Un appello a “evitare altre tensioni” viene dalla Croce rossa italiana (Cri) di Roma, fonti della quale affermano come le violenze di stanotte al Tiburtino III, a Roma, con un migrante eritreo ferito, siano avvenute all’esterno del centro della Cri. L’organizzazione umanitaria sta ancora cercando di ricostruire l’accaduto dalle testimonianze dei propri operatori, che vengono sentiti dai carabinieri: secondo quanto emerso finora, alcune persone – tra cui l’eritreo ferito – si sarebbero avvicinate all’ingresso del presidio umanitario in via del Frantoio.
“Sugli incidenti al centro di accoglienza di via del Frantoio andrebbero evitate le solite speculazioni politiche.
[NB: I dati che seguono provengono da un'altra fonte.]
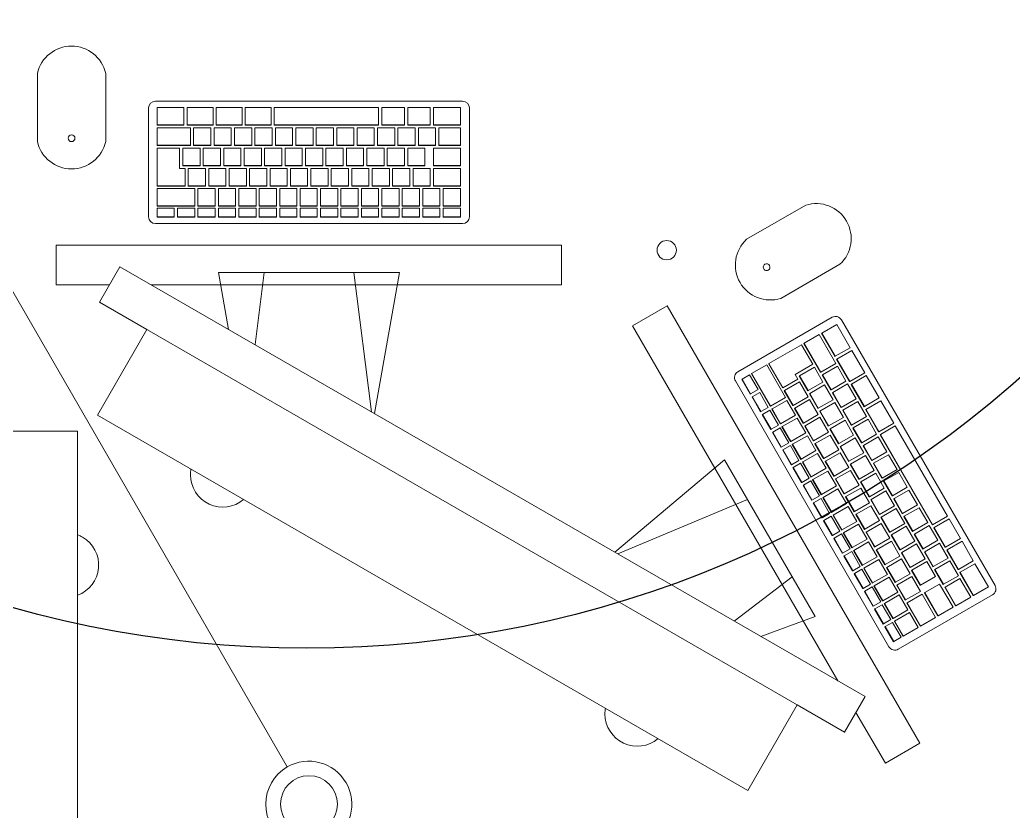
# Model space of a CAD drawing. Header units: millimetres. Extents: x 155920 to 295199, y -4084 to 97293.
# Drawn here: x 167942 to 168865, y 22626 to 23362 of the extents above; entities that cross this region are included whole.
import ezdxf

# ---------------------------------------------------------------- set-up
doc = ezdxf.new("R2010")
doc.units = ezdxf.units.MM
doc.header["$MEASUREMENT"] = 0
for name, color, linetype, lineweight in [('A-GENM', 8, 'CONTINUOUS', 9), ('E-ELEC-EQPM', 8, 'CONTINUOUS', 9), ('I-FURN', 8, 'CONTINUOUS', 9)]:
    doc.layers.add(name, color=color, linetype=linetype, lineweight=lineweight)
doc.layers.add('Social Distancing', color=7, linetype='CONTINUOUS')

msp = doc.modelspace()

# ---------------------------------------------------------------- linework, layer by layer
at = {"layer": 'A-GENM'}
for p, q in [((167958.24, 23312.59), (167958.24, 23249.09)), ((168021.74, 23249.09), (168021.74, 23312.59)), ((168353.5, 23286.71), (168067.97, 23286.71)), ((168061.62, 23280.36), (168061.62, 23179.2)), ((168094.5, 23280.72), (168069.5, 23280.72)), ((168069.5, 23280.72), (168069.5, 23264.78)), ((168094.5, 23264.78), (168094.5, 23280.72)), ((168121.5, 23280.72), (168097.5, 23280.72)), ((168097.5, 23280.72), (168097.5, 23264.78)), ((168121.5, 23264.78), (168121.5, 23280.72)), ((168148.5, 23280.72), (168124.5, 23280.72)), ((168124.5, 23280.72), (168124.5, 23264.78)), ((168148.5, 23264.78), (168148.5, 23280.72)), ((168175.5, 23280.72), (168151.5, 23280.72)), ((168151.5, 23280.72), (168151.5, 23264.78)), ((168175.5, 23264.78), (168175.5, 23280.72)), ((168178.5, 23280.72), (168178.5, 23264.78)), ((168275.5, 23280.72), (168178.5, 23280.72)), ((168275.5, 23264.78), (168275.5, 23280.72)), ((168278.5, 23280.72), (168278.5, 23264.78)), ((168299.5, 23280.72), (168278.5, 23280.72)), ((168299.5, 23264.78), (168299.5, 23280.72)), ((168302.5, 23280.72), (168302.5, 23264.78)), ((168323.5, 23280.72), (168302.5, 23280.72)), ((168323.5, 23264.78), (168323.5, 23280.72)), ((168326.5, 23280.72), (168326.5, 23264.78)), ((168351.5, 23280.72), (168326.5, 23280.72)), ((168351.5, 23264.78), (168351.5, 23280.72)), ((168359.85, 23179.2), (168359.85, 23280.36)), ((168069.5, 23264.78), (168094.5, 23264.78)), ((168069.5, 23264.51), (168069.5, 23264.78)), ((168094.5, 23264.51), (168069.5, 23264.51)), ((168094.5, 23264.51), (168094.5, 23264.78)), ((168097.5, 23264.78), (168121.5, 23264.78)), ((168097.5, 23264.51), (168097.5, 23264.78)), ((168121.5, 23264.51), (168097.5, 23264.51)), ((168121.5, 23264.51), (168121.5, 23264.78)), ((168124.5, 23264.78), (168148.5, 23264.78)), ((168124.5, 23264.51), (168124.5, 23264.78)), ((168148.5, 23264.51), (168124.5, 23264.51)), ((168148.5, 23264.51), (168148.5, 23264.78)), ((168151.5, 23264.78), (168175.5, 23264.78)), ((168151.5, 23264.51), (168151.5, 23264.78)), ((168175.5, 23264.51), (168151.5, 23264.51)), ((168175.5, 23264.51), (168175.5, 23264.78)), ((168178.5, 23264.78), (168275.5, 23264.78)), ((168178.5, 23264.51), (168178.5, 23264.78)), ((168275.5, 23264.51), (168178.5, 23264.51)), ((168275.5, 23264.51), (168275.5, 23264.78)), ((168278.5, 23264.78), (168299.5, 23264.78)), ((168278.5, 23264.51), (168278.5, 23264.78)), ((168299.5, 23264.51), (168278.5, 23264.51)), ((168299.5, 23264.51), (168299.5, 23264.78)), ((168302.5, 23264.78), (168323.5, 23264.78)), ((168302.5, 23264.51), (168302.5, 23264.78)), ((168323.5, 23264.51), (168302.5, 23264.51)), ((168323.5, 23264.51), (168323.5, 23264.78)), ((168326.5, 23264.78), (168351.5, 23264.78)), ((168326.5, 23264.51), (168326.5, 23264.78)), ((168351.5, 23264.51), (168326.5, 23264.51)), ((168351.5, 23264.51), (168351.5, 23264.78)), ((168069.5, 23261.82), (168069.5, 23245.85)), ((168100.5, 23261.82), (168069.5, 23261.82)), ((168100.5, 23245.85), (168100.5, 23261.82)), ((168103.5, 23261.82), (168103.5, 23245.85)), ((168119.5, 23261.82), (168103.5, 23261.82)), ((168119.5, 23245.85), (168119.5, 23261.82)), ((168122.5, 23261.82), (168122.5, 23245.85)), ((168138.5, 23261.82), (168122.5, 23261.82)), ((168138.5, 23245.85), (168138.5, 23261.82)), ((168141.5, 23261.82), (168141.5, 23245.85)), ((168157.5, 23261.82), (168141.5, 23261.82)), ((168157.5, 23245.85), (168157.5, 23261.82)), ((168160.5, 23261.82), (168160.5, 23245.85)), ((168176.5, 23261.82), (168160.5, 23261.82)), ((168176.5, 23245.85), (168176.5, 23261.82)), ((168179.5, 23261.82), (168179.5, 23245.85)), ((168195.5, 23261.82), (168179.5, 23261.82)), ((168195.5, 23245.85), (168195.5, 23261.82)), ((168198.5, 23261.82), (168198.5, 23245.85)), ((168214.5, 23261.82), (168198.5, 23261.82)), ((168214.5, 23245.85), (168214.5, 23261.82)), ((168217.5, 23261.82), (168217.5, 23245.85)), ((168233.5, 23261.82), (168217.5, 23261.82)), ((168233.5, 23245.85), (168233.5, 23261.82)), ((168236.5, 23261.82), (168236.5, 23245.85)), ((168252.5, 23261.82), (168236.5, 23261.82)), ((168252.5, 23245.85), (168252.5, 23261.82)), ((168255.5, 23261.82), (168255.5, 23245.85)), ((168271.5, 23261.82), (168255.5, 23261.82)), ((168271.5, 23245.85), (168271.5, 23261.82)), ((168274.5, 23261.82), (168274.5, 23245.85)), ((168290.5, 23261.82), (168274.5, 23261.82)), ((168290.5, 23245.85), (168290.5, 23261.82)), ((168293.5, 23261.82), (168293.5, 23245.85)), ((168309.5, 23261.82), (168293.5, 23261.82)), ((168309.5, 23245.85), (168309.5, 23261.82)), ((168312.5, 23261.82), (168312.5, 23245.85)), ((168328.5, 23261.82), (168312.5, 23261.82)), ((168328.5, 23245.85), (168328.5, 23261.82)), ((168331.5, 23261.79), (168331.5, 23245.85)), ((168351.5, 23261.79), (168331.5, 23261.79)), ((168351.5, 23245.85), (168351.5, 23261.79)), ((168069.5, 23245.85), (168100.5, 23245.85)), ((168069.5, 23245.58), (168069.5, 23245.85)), ((168100.5, 23245.58), (168069.5, 23245.58)), ((168100.5, 23245.58), (168100.5, 23245.85)), ((168103.5, 23245.85), (168119.5, 23245.85)), ((168103.5, 23245.58), (168103.5, 23245.85)), ((168119.5, 23245.58), (168103.5, 23245.58)), ((168119.5, 23245.58), (168119.5, 23245.85)), ((168122.5, 23245.85), (168138.5, 23245.85)), ((168122.5, 23245.58), (168122.5, 23245.85)), ((168138.5, 23245.58), (168122.5, 23245.58)), ((168138.5, 23245.58), (168138.5, 23245.85)), ((168141.5, 23245.85), (168157.5, 23245.85)), ((168141.5, 23245.58), (168141.5, 23245.85)), ((168157.5, 23245.58), (168141.5, 23245.58)), ((168157.5, 23245.58), (168157.5, 23245.85)), ((168160.5, 23245.85), (168176.5, 23245.85)), ((168160.5, 23245.58), (168160.5, 23245.85)), ((168176.5, 23245.58), (168160.5, 23245.58)), ((168176.5, 23245.58), (168176.5, 23245.85)), ((168179.5, 23245.85), (168195.5, 23245.85)), ((168179.5, 23245.58), (168179.5, 23245.85)), ((168195.5, 23245.58), (168179.5, 23245.58)), ((168195.5, 23245.58), (168195.5, 23245.85)), ((168198.5, 23245.85), (168214.5, 23245.85)), ((168198.5, 23245.58), (168198.5, 23245.85)), ((168214.5, 23245.58), (168198.5, 23245.58)), ((168214.5, 23245.58), (168214.5, 23245.85)), ((168217.5, 23245.85), (168233.5, 23245.85)), ((168217.5, 23245.58), (168217.5, 23245.85)), ((168233.5, 23245.58), (168217.5, 23245.58)), ((168233.5, 23245.58), (168233.5, 23245.85)), ((168236.5, 23245.85), (168252.5, 23245.85)), ((168236.5, 23245.58), (168236.5, 23245.85)), ((168252.5, 23245.58), (168236.5, 23245.58)), ((168252.5, 23245.58), (168252.5, 23245.85)), ((168255.5, 23245.85), (168271.5, 23245.85)), ((168255.5, 23245.58), (168255.5, 23245.85)), ((168271.5, 23245.58), (168255.5, 23245.58)), ((168271.5, 23245.58), (168271.5, 23245.85)), ((168274.5, 23245.85), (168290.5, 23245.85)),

Dovrebbero evitarle in particolare le destre, dentro e fuori le istituzioni, impegnate h24 a criminalizzare i migranti e ad alimentare i conflitti, invece che provare a risolvere i problemi”, afferma Stefano Fassina, deputato Sinistra italiana e consigliere Sinistra per Roma. “È evidente – prosegue Fassina – che sulle periferie si sono scaricati problemi enormi. È evidente che da tanti anni Roma non ha politiche per l’accoglienza e l’integrazione. È carenza specifica di un problema generale: l’assenza di politiche adeguate per la dilagante sofferenza economica e sociale della città”.
“Di fronte a questi nuovi fatti – avvertono i consiglieri del Pd di Roma – ci chiediamo cosa stia facendo il Campidoglio per gestire l’accoglienza, se e come stia collaborando con le altre Istituzioni. Forse sarebbe stato meglio approvare già ieri la proposta del Pd di istituire una cabina di regia per coordinare le istituzioni e rafforzare il sistema di accoglienza diffuso per rifugiati e richiedenti asilo. Il tutto invece è stato rimandato per l’assenza dell’assessora Baldassarre”.